Having updated the requirements and preprocessed the data, we're now ready to fine-tune the LLM.
Fine-tuning the LLM
With your environment set up and data preprocessed, you're ready to start fine-tuning the LLM.
Run the following command to fine-tune the base model.
accelerate launch -m axolotl.cli.train examples/openllama-3b/lora.yml
This will start the training process using the settings specified in your lora.yml
file.
The training time will depend on factors like your model size, dataset size, and GPU type.
Be prepared to wait a while, especially for larger models and datasets.
Once training is complete, we can move on to testing our fine-tuned model through inference.
Inference
Once training is complete, you can test your fine-tuned model using the inference script:
accelerate launch -m axolotl.cli.inference examples/openllama-3b/lora.yml --lora_model_dir="./lora-out"
This will allow you to interact with your model and see how it performs on new prompts.
If you're satisfied with your model's performance, you can merge the LoRA weights with the base model using the merge_lora
script.
Merge the model
You will merge the base model with the LoRA weights using the merge_lora
script.
Run the following command:
python3 -m axolotl.cli.merge_lora examples/openllama-3b/lora.yml \
--lora_model_dir="./lora-out"
This creates a standalone model that doesn't require LoRA layers for inference.
Upload the model to Hugging Face
Finally, you can share your fine-tuned model with others by uploading it to Hugging Face.
- Login to Hugging Face through the CLI:
huggingface-cli login
- Create a new model repository on Hugging Face using
huggingface-cli
.
huggingface-cli repo create your_model_name --type model
- Then, use the
huggingface-cli upload
command to upload your merged model to the repository.

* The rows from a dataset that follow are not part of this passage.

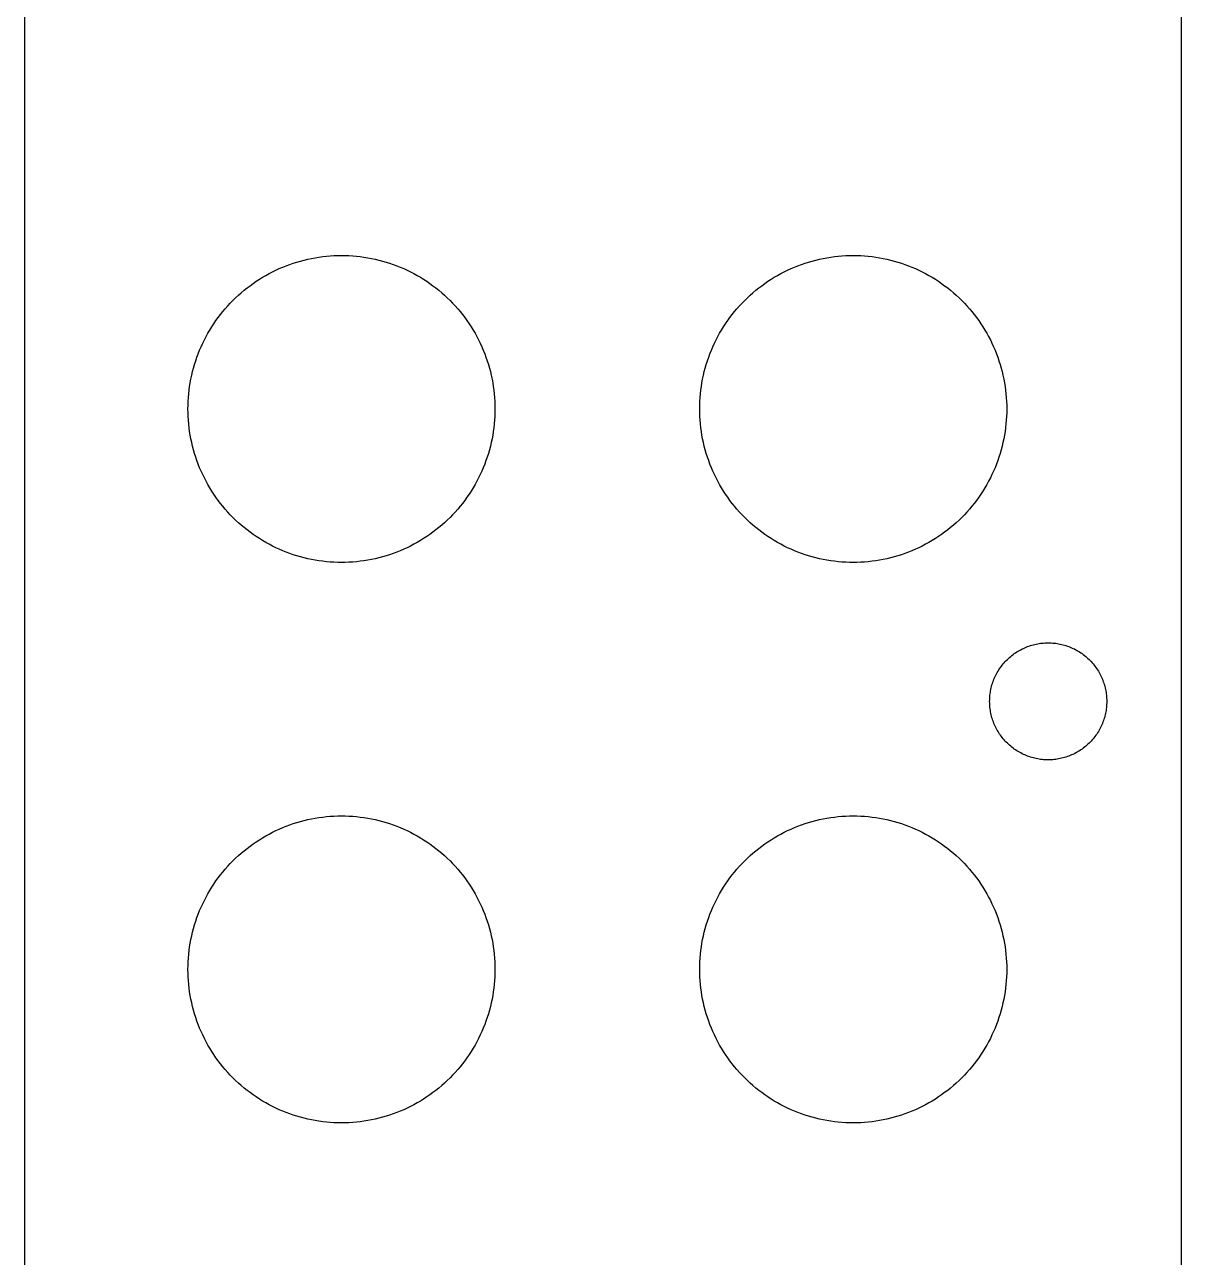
# Model space of a CAD drawing. Extents: x 1 to 31, y 9 to 138.
# Drawn here: x 1.27 to 31.41, y 73.5 to 105.63 of the extents above; entities that cross this region are included whole.
import ezdxf

# ---------------------------------------------------------------- set-up
doc = ezdxf.new("R2010")
doc.units = 0

msp = doc.modelspace()

# ---------------------------------------------------------------- linework, layer by layer
at = {"color": 34, "true_color": 0x008000}
for points in [[(1.27, 9.253982, 0), (31.409894, 9.253982, 0), (31.409894, 137.754106, 0), (1.27, 137.754106, 0), (1.27, 9.253982, 0)], [(5.525008, 95.613982, 0), (5.526278, 95.712026, 0), (5.529834, 95.810324, 0), (5.53593, 95.908114, 0), (5.544312, 96.006158, 0), (5.55498, 96.103694, 0), (5.568188, 96.200976, 0), (5.583936, 96.29775, 0), (5.60197, 96.39427, 0), (5.62229, 96.490282, 0), (5.644896, 96.585786, 0), (5.669788, 96.680782, 0), (5.69722, 96.775016, 0), (5.726938, 96.868742, 0), (5.758942, 96.961452, 0), (5.792978, 97.053654, 0), (5.829554, 97.144586, 0), (5.868162, 97.23501, 0), (5.909056, 97.324164, 0), (5.952236, 97.412302, 0), (5.997448, 97.499678, 0), (6.044692, 97.58553, 0), (6.093968, 97.670366, 0), (6.14553, 97.753932, 0), (6.199124, 97.836228, 0), (6.25475, 97.917254, 0), (6.312154, 97.996756, 0), (6.37159, 98.074988, 0), (6.433058, 98.151442, 0), (6.49605, 98.226626, 0), (6.561328, 98.300286, 0), (6.62813, 98.372168, 0), (6.696456, 98.442526, 0), (6.766814, 98.510852, 0), (6.838696, 98.577654, 0), (6.912356, 98.642932, 0), (6.98754, 98.705924, 0), (7.063994, 98.767392, 0), (7.142226, 98.826828, 0), (7.221728, 98.884232, 0), (7.302754, 98.939858, 0), (7.38505, 98.993452, 0), (7.468616, 99.045014, 0), (7.553452, 99.09429, 0), (7.639304, 99.141534, 0), (7.72668, 99.186746, 0), (7.814818, 99.229926, 0), (7.903972, 99.27082, 0), (7.994396, 99.309428, 0), (8.085328, 99.346004, 0), (8.17753, 99.38004, 0), (8.27024, 99.412044, 0), (8.363966, 99.441762, 0), (8.4582, 99.469194, 0), (8.553196, 99.494086, 0), (8.6487, 99.516692, 0), (8.744712, 99.537012, 0), (8.841232, 99.555046, 0), (8.938006, 99.570794, 0), (9.035288, 99.584002, 0), (9.132824, 99.59467, 0), (9.230868, 99.603052, 0), (9.328658, 99.609148, 0), (9.426956, 99.612704, 0), (9.525, 99.613974, 0), (9.623044, 99.612704, 0), (9.721342, 99.609148, 0), (9.819132, 99.603052, 0), (9.917176, 99.59467, 0), (10.014712, 99.584002, 0), (10.111994, 99.570794, 0), (10.208768, 99.555046, 0), (10.305288, 99.537012, 0), (10.4013, 99.516692, 0), (10.496804, 99.494086, 0), (10.5918, 99.469194, 0), (10.686034, 99.441762, 0), (10.77976, 99.412044, 0), (10.87247, 99.38004, 0), (10.964672, 99.346004, 0), (11.055604, 99.309428, 0), (11.146028, 99.27082, 0), (11.235182, 99.229926, 0), (11.32332, 99.186746, 0), (11.410696, 99.141534, 0), (11.496548, 99.09429, 0), (11.581384, 99.045014, 0), (11.66495, 98.993452, 0), (11.747246, 98.939858, 0), (11.828272, 98.884232, 0), (11.907774, 98.826828, 0), (11.986006, 98.767392, 0), (12.06246, 98.705924, 0), (12.137644, 98.642932, 0), (12.211304, 98.577654, 0), (12.283186, 98.510852, 0), (12.353544, 98.442526, 0), (12.42187, 98.372168, 0), (12.488672, 98.300286, 0), (12.55395, 98.226626, 0), (12.616942, 98.151442, 0), (12.67841, 98.074988, 0), (12.737846, 97.996756, 0), (12.79525, 97.917254, 0), (12.850876, 97.836228, 0), (12.90447, 97.753932, 0), (12.956032, 97.670366, 0), (13.005308, 97.58553, 0), (13.052552, 97.499678, 0), (13.097764, 97.412302, 0), (13.140944, 97.324164, 0), (13.181838, 97.23501, 0), (13.220446, 97.144586, 0), (13.257022, 97.053654, 0), (13.291058, 96.961452, 0), (13.323062, 96.868742, 0), (13.35278, 96.775016, 0), (13.380212, 96.680782, 0), (13.405104, 96.585786, 0), (13.42771, 96.490282, 0), (13.44803, 96.39427, 0), (13.466064, 96.29775, 0), (13.481812, 96.200976, 0), (13.49502, 96.103694, 0), (13.505688, 96.006158, 0), (13.51407, 95.908114, 0), (13.520166, 95.810324, 0), (13.523722, 95.712026, 0), (13.524992, 95.613982, 0), (13.523722, 95.515938, 0), (13.520166, 95.41764, 0), (13.51407, 95.31985, 0), (13.505688, 95.221806, 0), (13.49502, 95.12427, 0), (13.481812, 95.026988, 0), (13.466064, 94.930214, 0), (13.44803, 94.833694, 0), (13.42771, 94.737682, 0), (13.405104, 94.642178, 0), (13.380212, 94.547182, 0), (13.35278, 94.452948, 0), (13.323062, 94.359222, 0), (13.291058, 94.266512, 0), (13.257022, 94.17431, 0), (13.220446, 94.083378, 0), (13.181838, 93.992954, 0), (13.140944, 93.9038, 0), (13.097764, 93.815662, 0), (13.052552, 93.728286, 0), (13.005308, 93.642434, 0), (12.956032, 93.557598, 0), (12.90447, 93.474032, 0), (12.850876, 93.391736, 0), (12.79525, 93.31071, 0), (12.737846, 93.231208, 0), (12.67841, 93.152976, 0), (12.616942, 93.076522, 0), (12.55395, 93.001338, 0), (12.488672, 92.927678, 0), (12.42187, 92.855796, 0), (12.353544, 92.785438, 0), (12.283186, 92.717112, 0), (12.211304, 92.65031, 0), (12.137644, 92.585032, 0), (12.06246, 92.52204, 0), (11.986006, 92.460572, 0), (11.907774, 92.401136, 0), (11.828272, 92.343732, 0), (11.747246, 92.288106, 0), (11.66495, 92.234512, 0), (11.581384, 92.18295, 0), (11.496548, 92.133674, 0), (11.410696, 92.08643, 0), (11.32332, 92.041218, 0), (11.235182, 91.998038, 0), (11.146028, 91.957144, 0), (11.055604, 91.918536, 0), (10.964672, 91.88196, 0), (10.87247, 91.847924, 0), (10.77976, 91.81592, 0), (10.686034, 91.786202, 0), (10.5918, 91.75877, 0), (10.496804, 91.733878, 0), (10.4013, 91.711272, 0), (10.305288, 91.690952, 0), (10.208768, 91.672918, 0), (10.111994, 91.65717, 0), (10.014712, 91.643962, 0), (9.917176, 91.633294, 0), (9.819132, 91.624912, 0), (9.721342, 91.618816, 0), (9.623044, 91.61526, 0), (9.525, 91.61399, 0), (9.426956, 91.61526, 0), (9.328658, 91.618816, 0), (9.230868, 91.624912, 0), (9.132824, 91.633294, 0), (9.035288, 91.643962, 0), (8.938006, 91.65717, 0), (8.841232, 91.672918, 0), (8.744712, 91.690952, 0), (8.6487, 91.711272, 0), (8.553196, 91.733878, 0), (8.4582, 91.75877, 0), (8.363966, 91.786202, 0), (8.27024, 91.81592, 0), (8.17753, 91.847924, 0), (8.085328, 91.88196, 0), (7.994396, 91.918536, 0), (7.903972, 91.957144, 0), (7.814818, 91.998038, 0), (7.72668, 92.041218, 0), (7.639304, 92.08643, 0), (7.553452, 92.133674, 0), (7.468616, 92.18295, 0), (7.38505, 92.234512, 0), (7.302754, 92.288106, 0), (7.221728, 92.343732, 0), (7.142226, 92.401136, 0), (7.063994, 92.460572, 0), (6.98754, 92.52204, 0), (6.912356, 92.585032, 0), (6.838696, 92.65031, 0), (6.766814, 92.717112, 0), (6.696456, 92.785438, 0), (6.62813, 92.855796, 0), (6.561328, 92.927678, 0), (6.49605, 93.001338, 0), (6.433058, 93.076522, 0), (6.37159, 93.152976, 0), (6.312154, 93.231208, 0), (6.25475, 93.31071, 0), (6.199124, 93.391736, 0), (6.14553, 93.474032, 0), (6.093968, 93.557598, 0), (6.044692, 93.642434, 0), (5.997448, 93.728286, 0), (5.952236, 93.815662, 0), (5.909056, 93.9038, 0), (5.868162, 93.992954, 0), (5.829554, 94.083378, 0), (5.792978, 94.17431, 0), (5.758942, 94.266512, 0), (5.726938, 94.359222, 0), (5.69722, 94.452948, 0), (5.669788, 94.547182, 0), (5.644896, 94.642178, 0), (5.62229, 94.737682, 0), (5.60197, 94.833694, 0), (5.583936, 94.930214, 0), (5.568188, 95.026988, 0), (5.55498, 95.12427, 0), (5.544312, 95.221806, 0), (5.53593, 95.31985, 0), (5.529834, 95.41764, 0), (5.526278, 95.515938, 0), (5.525008, 95.613982, 0)], [(18.860008, 95.613982, 0), (18.861278, 95.712026, 0), (18.864834, 95.810324, 0), (18.87093, 95.908114, 0), (18.879312, 96.006158, 0), (18.88998, 96.103694, 0), (18.903188, 96.200976, 0), (18.918936, 96.29775, 0), (18.93697, 96.39427, 0), (18.95729, 96.490282, 0), (18.979896, 96.585786, 0), (19.004788, 96.680782, 0), (19.03222, 96.775016, 0), (19.061938, 96.868742, 0), (19.093942, 96.961452, 0), (19.127978, 97.053654, 0), (19.164554, 97.144586, 0), (19.203162, 97.23501, 0), (19.244056, 97.324164, 0), (19.287236, 97.412302, 0), (19.332448, 97.499678, 0), (19.379692, 97.58553, 0), (19.428968, 97.670366, 0), (19.48053, 97.753932, 0), (19.534124, 97.836228, 0), (19.58975, 97.917254, 0), (19.647154, 97.996756, 0), (19.70659, 98.074988, 0), (19.768058, 98.151442, 0), (19.83105, 98.226626, 0), (19.896328, 98.300286, 0), (19.96313, 98.372168, 0), (20.031456, 98.442526, 0), (20.101814, 98.510852, 0), (20.173696, 98.577654, 0), (20.247356, 98.642932, 0), (20.32254, 98.705924, 0), (20.398994, 98.767392, 0), (20.477226, 98.826828, 0), (20.556728, 98.884232, 0), (20.637754, 98.939858, 0), (20.72005, 98.993452, 0), (20.803616, 99.045014, 0), (20.888452, 99.09429, 0), (20.974304, 99.141534, 0), (21.06168, 99.186746, 0), (21.149818, 99.229926, 0), (21.238972, 99.27082, 0), (21.329396, 99.309428, 0), (21.420328, 99.346004, 0), (21.51253, 99.38004, 0), (21.60524, 99.412044, 0), (21.698966, 99.441762, 0), (21.7932, 99.469194, 0), (21.888196, 99.494086, 0), (21.9837, 99.516692, 0), (22.079712, 99.537012, 0), (22.176232, 99.555046, 0), (22.273006, 99.570794, 0), (22.370288, 99.584002, 0), (22.467824, 99.59467, 0), (22.565868, 99.603052, 0), (22.663658, 99.609148, 0), (22.761956, 99.612704, 0), (22.86, 99.613974, 0), (22.958044, 99.612704, 0), (23.056342, 99.609148, 0), (23.154132, 99.603052, 0), (23.252176, 99.59467, 0), (23.349712, 99.584002, 0), (23.446994, 99.570794, 0), (23.543768, 99.555046, 0), (23.640288, 99.537012, 0), (23.7363, 99.516692, 0), (23.831804, 99.494086, 0), (23.9268, 99.469194, 0), (24.021034, 99.441762, 0), (24.11476, 99.412044, 0), (24.20747, 99.38004, 0), (24.299672, 99.346004, 0), (24.390604, 99.309428, 0), (24.481028, 99.27082, 0), (24.570182, 99.229926, 0), (24.65832, 99.186746, 0), (24.745696, 99.141534, 0), (24.831548, 99.09429, 0), (24.916384, 99.045014, 0), (24.99995, 98.993452, 0), (25.082246, 98.939858, 0), (25.163272, 98.884232, 0), (25.242774, 98.826828, 0), (25.321006, 98.767392, 0), (25.39746, 98.705924, 0), (25.472644, 98.642932, 0), (25.546304, 98.577654, 0), (25.618186, 98.510852, 0), (25.688544, 98.442526, 0), (25.75687, 98.372168, 0), (25.823672, 98.300286, 0), (25.88895, 98.226626, 0), (25.951942, 98.151442, 0), (26.01341, 98.074988, 0), (26.072846, 97.996756, 0), (26.13025, 97.917254, 0), (26.185876, 97.836228, 0), (26.23947, 97.753932, 0), (26.291032, 97.670366, 0), (26.340308, 97.58553, 0), (26.387552, 97.499678, 0), (26.432764, 97.412302, 0), (26.475944, 97.324164, 0), (26.516838, 97.23501, 0), (26.555446, 97.144586, 0), (26.592022, 97.053654, 0), (26.626058, 96.961452, 0), (26.658062, 96.868742, 0), (26.68778, 96.775016, 0), (26.715212, 96.680782, 0), (26.740104, 96.585786, 0), (26.76271, 96.490282, 0), (26.78303, 96.39427, 0), (26.801064, 96.29775, 0), (26.816812, 96.200976, 0), (26.83002, 96.103694, 0), (26.840688, 96.006158, 0), (26.84907, 95.908114, 0), (26.855166, 95.810324, 0), (26.858722, 95.712026, 0), (26.859992, 95.613982, 0), (26.858722, 95.515938, 0), (26.855166, 95.41764, 0), (26.84907, 95.31985, 0), (26.840688, 95.221806, 0), (26.83002, 95.12427, 0), (26.816812, 95.026988, 0), (26.801064, 94.930214, 0), (26.78303, 94.833694, 0), (26.76271, 94.737682, 0), (26.740104, 94.642178, 0), (26.715212, 94.547182, 0), (26.68778, 94.452948, 0), (26.658062, 94.359222, 0), (26.626058, 94.266512, 0), (26.592022, 94.17431, 0), (26.555446, 94.083378, 0), (26.516838, 93.992954, 0), (26.475944, 93.9038, 0), (26.432764, 93.815662, 0), (26.387552, 93.728286, 0), (26.340308, 93.642434, 0), (26.291032, 93.557598, 0), (26.23947, 93.474032, 0), (26.185876, 93.391736, 0), (26.13025, 93.31071, 0), (26.072846, 93.231208, 0), (26.01341, 93.152976, 0), (25.951942, 93.076522, 0), (25.88895, 93.001338, 0), (25.823672, 92.927678, 0), (25.75687, 92.855796, 0), (25.688544, 92.785438, 0), (25.618186, 92.717112, 0), (25.546304, 92.65031, 0), (25.472644, 92.585032, 0), (25.39746, 92.52204, 0), (25.321006, 92.460572, 0), (25.242774, 92.401136, 0), (25.163272, 92.343732, 0), (25.082246, 92.288106, 0), (24.99995, 92.234512, 0), (24.916384, 92.18295, 0), (24.831548, 92.133674, 0), (24.745696, 92.08643, 0), (24.65832, 92.041218, 0), (24.570182, 91.998038, 0), (24.481028, 91.957144, 0), (24.390604, 91.918536, 0), (24.299672, 91.88196, 0), (24.20747, 91.847924, 0), (24.11476, 91.81592, 0), (24.021034, 91.786202, 0), (23.9268, 91.75877, 0), (23.831804, 91.733878, 0), (23.7363, 91.711272, 0), (23.640288, 91.690952, 0), (23.543768, 91.672918, 0), (23.446994, 91.65717, 0), (23.349712, 91.643962, 0), (23.252176, 91.633294, 0), (23.154132, 91.624912, 0), (23.056342, 91.618816, 0), (22.958044, 91.61526, 0), (22.86, 91.61399, 0), (22.761956, 91.61526, 0), (22.663658, 91.618816, 0), (22.565868, 91.624912, 0), (22.467824, 91.633294, 0), (22.370288, 91.643962, 0), (22.273006, 91.65717, 0), (22.176232, 91.672918, 0), (22.079712, 91.690952, 0), (21.9837, 91.711272, 0), (21.888196, 91.733878, 0), (21.7932, 91.75877, 0), (21.698966, 91.786202, 0), (21.60524, 91.81592, 0), (21.51253, 91.847924, 0), (21.420328, 91.88196, 0), (21.329396, 91.918536, 0), (21.238972, 91.957144, 0), (21.149818, 91.998038, 0), (21.06168, 92.041218, 0), (20.974304, 92.08643, 0), (20.888452, 92.133674, 0), (20.803616, 92.18295, 0), (20.72005, 92.234512, 0), (20.637754, 92.288106, 0), (20.556728, 92.343732, 0), (20.477226, 92.401136, 0), (20.398994, 92.460572, 0), (20.32254, 92.52204, 0), (20.247356, 92.585032, 0), (20.173696, 92.65031, 0), (20.101814, 92.717112, 0), (20.031456, 92.785438, 0), (19.96313, 92.855796, 0), (19.896328, 92.927678, 0), (19.83105, 93.001338, 0), (19.768058, 93.076522, 0), (19.70659, 93.152976, 0), (19.647154, 93.231208, 0), (19.58975, 93.31071, 0), (19.534124, 93.391736, 0), (19.48053, 93.474032, 0), (19.428968, 93.557598, 0), (19.379692, 93.642434, 0), (19.332448, 93.728286, 0), (19.287236, 93.815662, 0), (19.244056, 93.9038, 0), (19.203162, 93.992954, 0), (19.164554, 94.083378, 0), (19.127978, 94.17431, 0), (19.093942, 94.266512, 0), (19.061938, 94.359222, 0), (19.03222, 94.452948, 0), (19.004788, 94.547182, 0), (18.979896, 94.642178, 0), (18.95729, 94.737682, 0), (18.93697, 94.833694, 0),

huggingface-cli upload your_model_name path_to_your_model
With our model uploaded to Hugging Face, we've successfully completed the fine-tuning process and made our work available for others to use and build upon.
Conclusion
By following these steps and leveraging the power of Axolotl and RunPod, you can efficiently fine-tune LLMs to suit your specific use cases. The combination of Axolotl's user-friendly interface and RunPod's GPU resources makes the process more accessible and streamlined. Remember to explore the provided YAML examples to gain a deeper understanding of the various parameters and make appropriate adjustments for your own projects. With practice and experimentation, you can unlock the full potential of fine-tuned LLMs and create powerful, customized AI models.